Hekimin yapacağı tıbbi girişimler hakkında hastasını aydınlatma ve bilgilendirme yükümlülüğünü ihlal ettiği durumlarda yapılan tıbbi müdahale hukuka aykırı sayılacağından hukuki ve cezai anlamda sorumluluk gündeme gelebilecektir. Tıbbi müdahale öncesinde hastanın aydınlatılarak rızasının alınmış olduğunu ispat yükü bilindiği üzere hekim veya hastanededir. Dolayısıyla hastaların gereği gibi aydınlatılmaması veya aydınlatma formlarındaki eksiklikler malpraktis davalarının hekimler aleyhine sonuçlanmasına neden olabilmektedir. Gerek Türkiye tarafından imza altına alınmış uluslararası sözleşmelerde gerekse de iç mevzuatımızda hastanın tıbbi müdahale öncesinde bilgilendirilmiş rızasının alınması zorunluluğu açıkça düzenlenmiştir. Yargıtay kararları ışığında aydınlatma yükümlülüğünün önemi ve ihlali halinde hekimlere doğacak sorumluluklar daha net anlaşılacaktır. Şöyle ki; 

“… Dairemizin yerleşik uygulamalarına paralel düzenlemeler getirilmiştir. Salt ameliyata rıza göstermek yeterli değildir. Ayrıca, komplikasyonların da izah edilmesi gerekmektedir. Ancak bu rızanın da az yukarıda vurgulandığı üzere aydınlatılmış rıza olması gerekir.

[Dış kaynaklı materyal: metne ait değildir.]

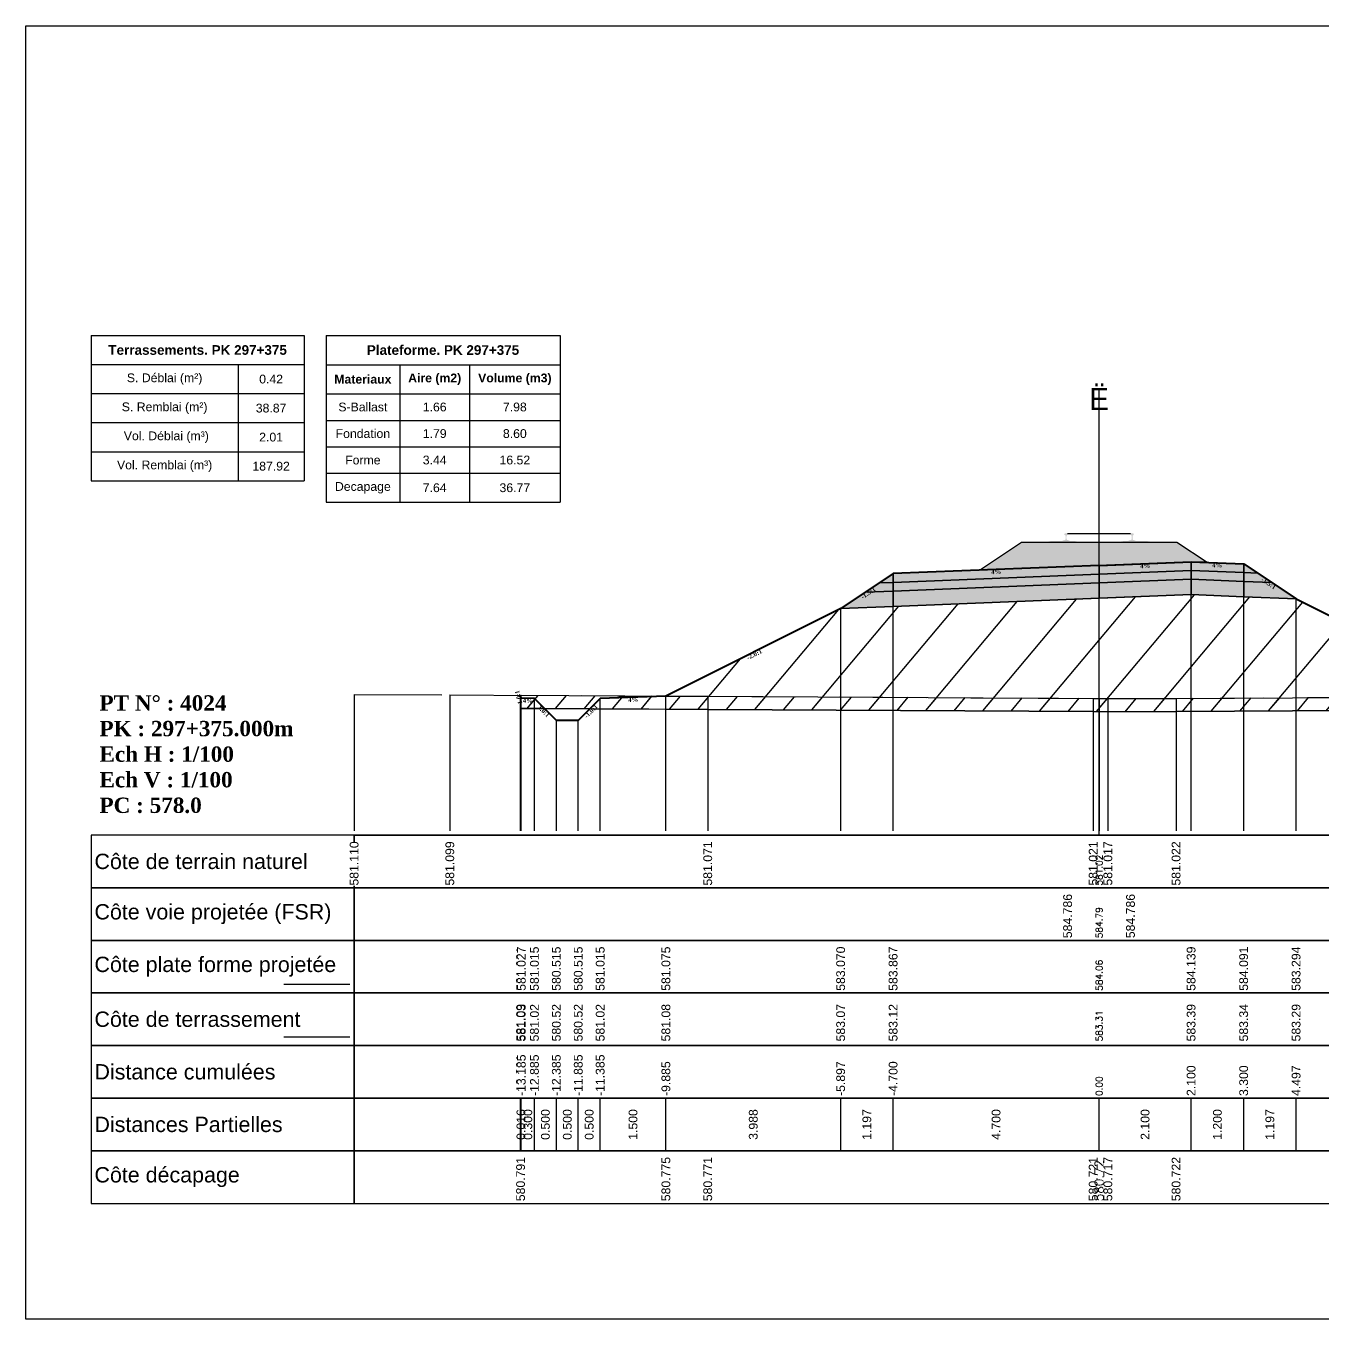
# Model space of a CAD drawing. Header units: millimetres. Extents: x 2762 to 3076, y 916 to 3305.
# Drawn here: x 3026.54 to 3056.12, y 2343.65 to 2373.15 of the extents above; entities that cross this region are included whole.
import ezdxf

# ---------------------------------------------------------------- set-up
doc = ezdxf.new("R2010")
doc.units = ezdxf.units.MM
doc.header["$LTSCALE"] = 2
doc.linetypes.add('CACHE', pattern=[9.525, 6.35, -3.175])
doc.linetypes.add('DASHED', pattern=[0.75, 0.5, -0.25])
for name, color, linetype in [('C-ANNO-TABL', 1, 'Continuous'), ('C-ANNO-TABL-TEXT', 150, 'Continuous'), ('C-ANNO-TABL-TITL', 150, 'Continuous'), ('C-ANNO-TABL-TTBL', 5, 'Continuous'), ('C-ROAD-CORR', 5, 'Continuous'), ('C-ROAD-SCTN', 7, 'Continuous')]:
    doc.layers.add(name, color=color, linetype=linetype)
doc.styles.add('ARIAL', font='arial.ttf')
doc.styles.add('C3D_Etiquette', font='romans.shx')
doc.styles.add('C3D_Profil_Travers', font='romans.shx')
doc.styles.get("Standard").update_dxf_attribs({"font": 'arial.ttf'})

msp = doc.modelspace()

# ---------------------------------------------------------------- hatches: boundary and pattern name
at = {"linetype": 'Continuous', "lineweight": -3}
msp.add_hatch(color=254, dxfattribs=at).paths.add_polyline_path([(3049.812, 2361.187), (3049.812, 2361.372), (3049.927, 2361.393), (3050.275, 2361.393), (3050.275, 2361.398), (3050.201, 2361.398), (3050.201, 2361.408), (3050.202, 2361.409), (3050.204, 2361.41), (3050.205, 2361.41), (3050.225, 2361.412), (3050.228, 2361.412), (3050.231, 2361.413), (3050.259, 2361.424), (3050.262, 2361.425), (3050.263, 2361.426), (3050.264, 2361.428), (3050.265, 2361.432), (3050.266, 2361.439), (3050.267, 2361.448), (3050.268, 2361.459), (3050.268, 2361.482), (3050.267, 2361.498), (3050.267, 2361.505), (3050.266, 2361.511), (3050.265, 2361.515), (3050.265, 2361.517), (3050.264, 2361.521), (3050.263, 2361.522), (3050.262, 2361.524), (3050.261, 2361.525), (3050.26, 2361.526), (3050.244, 2361.531), (3050.242, 2361.533), (3050.241, 2361.534), (3050.24, 2361.535), (3050.24, 2361.538), (3050.24, 2361.556), (3050.241, 2361.56), (3050.242, 2361.563), (3050.244, 2361.565), (3050.246, 2361.566), (3050.249, 2361.568), (3050.25, 2361.568), (3050.254, 2361.569), (3050.258, 2361.569), (3050.261, 2361.57), (3050.265, 2361.57), (3050.27, 2361.57), (3050.273, 2361.57), (3050.276, 2361.57), (3050.28, 2361.57), (3050.283, 2361.57), (3050.287, 2361.57), (3050.292, 2361.57), (3050.295, 2361.569), (3050.299, 2361.569), (3050.303, 2361.568), (3050.304, 2361.568), (3050.306, 2361.566), (3050.309, 2361.565), (3050.311, 2361.563), (3050.312, 2361.56), (3050.312, 2361.556), (3050.312, 2361.538), (3050.312, 2361.535), (3050.312, 2361.534), (3050.311, 2361.533), (3050.309, 2361.531), (3050.293, 2361.526), (3050.292, 2361.525), (3050.29, 2361.524), (3050.289, 2361.522), (3050.289, 2361.521), (3050.288, 2361.517), (3050.287, 2361.515), (3050.287, 2361.511), (3050.286, 2361.505), (3050.285, 2361.498), (3050.285, 2361.482), (3050.285, 2361.459), (3050.286, 2361.448), (3050.287, 2361.439), (3050.288, 2361.432), (3050.289, 2361.428), (3050.29, 2361.426), (3050.291, 2361.425), (3050.293, 2361.424), (3050.322, 2361.413), (3050.325, 2361.412), (3050.328, 2361.412), (3050.348, 2361.41), (3050.349, 2361.41), (3050.35, 2361.409), (3050.351, 2361.408), (3050.351, 2361.398), (3050.277, 2361.398), (3050.277, 2361.393), (3050.481, 2361.393), (3050.613, 2361.362), (3051.447, 2361.362), (3051.578, 2361.393), (3051.782, 2361.393), (3051.782, 2361.398), (3051.708, 2361.398), (3051.708, 2361.408), (3051.709, 2361.409), (3051.711, 2361.41), (3051.712, 2361.41), (3051.732, 2361.412), (3051.735, 2361.412), (3051.738, 2361.413), (3051.766, 2361.424), (3051.769, 2361.425), (3051.77, 2361.426), (3051.771, 2361.428), (3051.772, 2361.432), (3051.773, 2361.439), (3051.774, 2361.448), (3051.775, 2361.459), (3051.775, 2361.482), (3051.774, 2361.498), (3051.774, 2361.505), (3051.773, 2361.511), (3051.772, 2361.515), (3051.772, 2361.517), (3051.771, 2361.521), (3051.77, 2361.522), (3051.769, 2361.524), (3051.768, 2361.525), (3051.767, 2361.526), (3051.751, 2361.531), (3051.749, 2361.533), (3051.748, 2361.534), (3051.747, 2361.535), (3051.747, 2361.538), (3051.747, 2361.556), (3051.748, 2361.56), (3051.749, 2361.563), (3051.751, 2361.565), (3051.753, 2361.566), (3051.756, 2361.568), (3051.757, 2361.568), (3051.761, 2361.569), (3051.765, 2361.569), (3051.768, 2361.57), (3051.772, 2361.57), (3051.777, 2361.57), (3051.78, 2361.57), (3051.783, 2361.57), (3051.787, 2361.57), (3051.79, 2361.57), (3051.794, 2361.57), (3051.799, 2361.57), (3051.802, 2361.569), (3051.806, 2361.569), (3051.81, 2361.568), (3051.811, 2361.568), (3051.813, 2361.566), (3051.816, 2361.565), (3051.818, 2361.563), (3051.819, 2361.56), (3051.819, 2361.556), (3051.819, 2361.538), (3051.819, 2361.535), (3051.819, 2361.534), (3051.818, 2361.533), (3051.816, 2361.531), (3051.8, 2361.526), (3051.799, 2361.525), (3051.797, 2361.524), (3051.796, 2361.522), (3051.796, 2361.521), (3051.795, 2361.517), (3051.794, 2361.515), (3051.794, 2361.511), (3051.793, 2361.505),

Nitekim Hekim Etiği Yönetmeliği'nin 26. maddesinde düzenleme yapılmış ve "Hekim hastasını, hastanın sağlık durumu ve konulan tanı, önerilen tedavi yönteminin türü, başarı şansı ve süresi, tedavi yönteminin hastanın sağlığı için taşıdığı riskler, verilen ilaçların kullanılışı ve olası yan etkileri, hastanın önerilen tedaviyi kabul etmemesi durumunda hastalığın yaratacağı sonuçlar, olası tedavi seçenekleri ve riskleri konularında aydınlatır. Yapılacak aydınlatma hastanın kültürel, toplumsal ve ruhsal durumuna özen gösteren bir uygunlukta olmalıdır. Bilgiler hasta tarafından anlaşılabilecek biçimde verilmelidir. Hastanın dışında bilgilendirilecek kişileri, hasta kendisi belirler. Sağlıkla ilgili her türlü girişim, kişinin özgür ve aydınlatılmış onamı ile yapılabilir. Alınan onam, baskı, tehdit, eksik aydınlatma ya da kandırma yoluyla alındıysa geçersizdir. Acil durumlar ile, hastanın reşit olmaması veya bilincinin kapalı olduğu ya da karar veremeyeceği durumlarda yasal temsilcisinin izni alınır. Düzenlemesiyle aydınlatmanın ne şekilde yapılacağı açıklanmıştır. Aydınlatılmış onamda ise ispat külfeti hekim ya da hastanededir. 

Öyle olunca, davalıların ameliyat öncesi muhtemelen hasıl olabilecek sonuç ve komplikasyonlar hakkında hastasını bilgilendirmeleri bir zorunluluktur. Dosyaya ibraz edilen bir onam belgesi de bulunmamaktadır. Davalı tarafın, davacıyı bu konuda bilgilendirdiği ve gerekçeli açıklamaları yaparak uyardığı hususu ve davacının yeterli derecede aydınlatılıp aydınlatılmadığı, operasyonun komplikasyonlarının bilinmesi halinde dahi bu operasyona davacının rıza gösterip göstermeyeceği konuları dosya içeriği ile anlaşılamamaktadır. Hal böyle olunca bu konuda varsa davalı delilleri toplanarak sonucuna göre bir karar verilmesi gerekirken eksik inceleme ile hüküm kurulması usul ve yasaya aykırı olup bozma gerektirir.” 

(13.HD. 28.10.2013, 2013/17027-26132) 

“… Davalının ameliyat öncesi muhtemelen hasıl olabilecek sonuç ve komplikasyonlar hakkında has- tasını bilgilendirmesi BK. md.357. maddesine göre bir zorunluluktur. Mahkemenin de kabulünde olduğu gibi, dosyaya ibraz edilen onam formu matbu olup, davalı tarafın, davacıyı bu konuda bilgilendirdiği ve gerekçeli açıklamaları yaparak uyardığı hususu ve davacının yeterli derecede aydınlatılıp aydınlatılmadığı, operasyonun komplikasyonlarının bilinmesi halinde dahi bu operasyona davacının rıza gösterip göstermeyeceği konuları dosya içeriği ile anlaşılamamaktadır. O halde bu konudaki davalı delillerinin toplanarak sonucuna göre bir karar verilmesi gerekirken eksik inceleme ile hüküm kurulması usul ve yasaya aykırı olup bozma gerektirir.”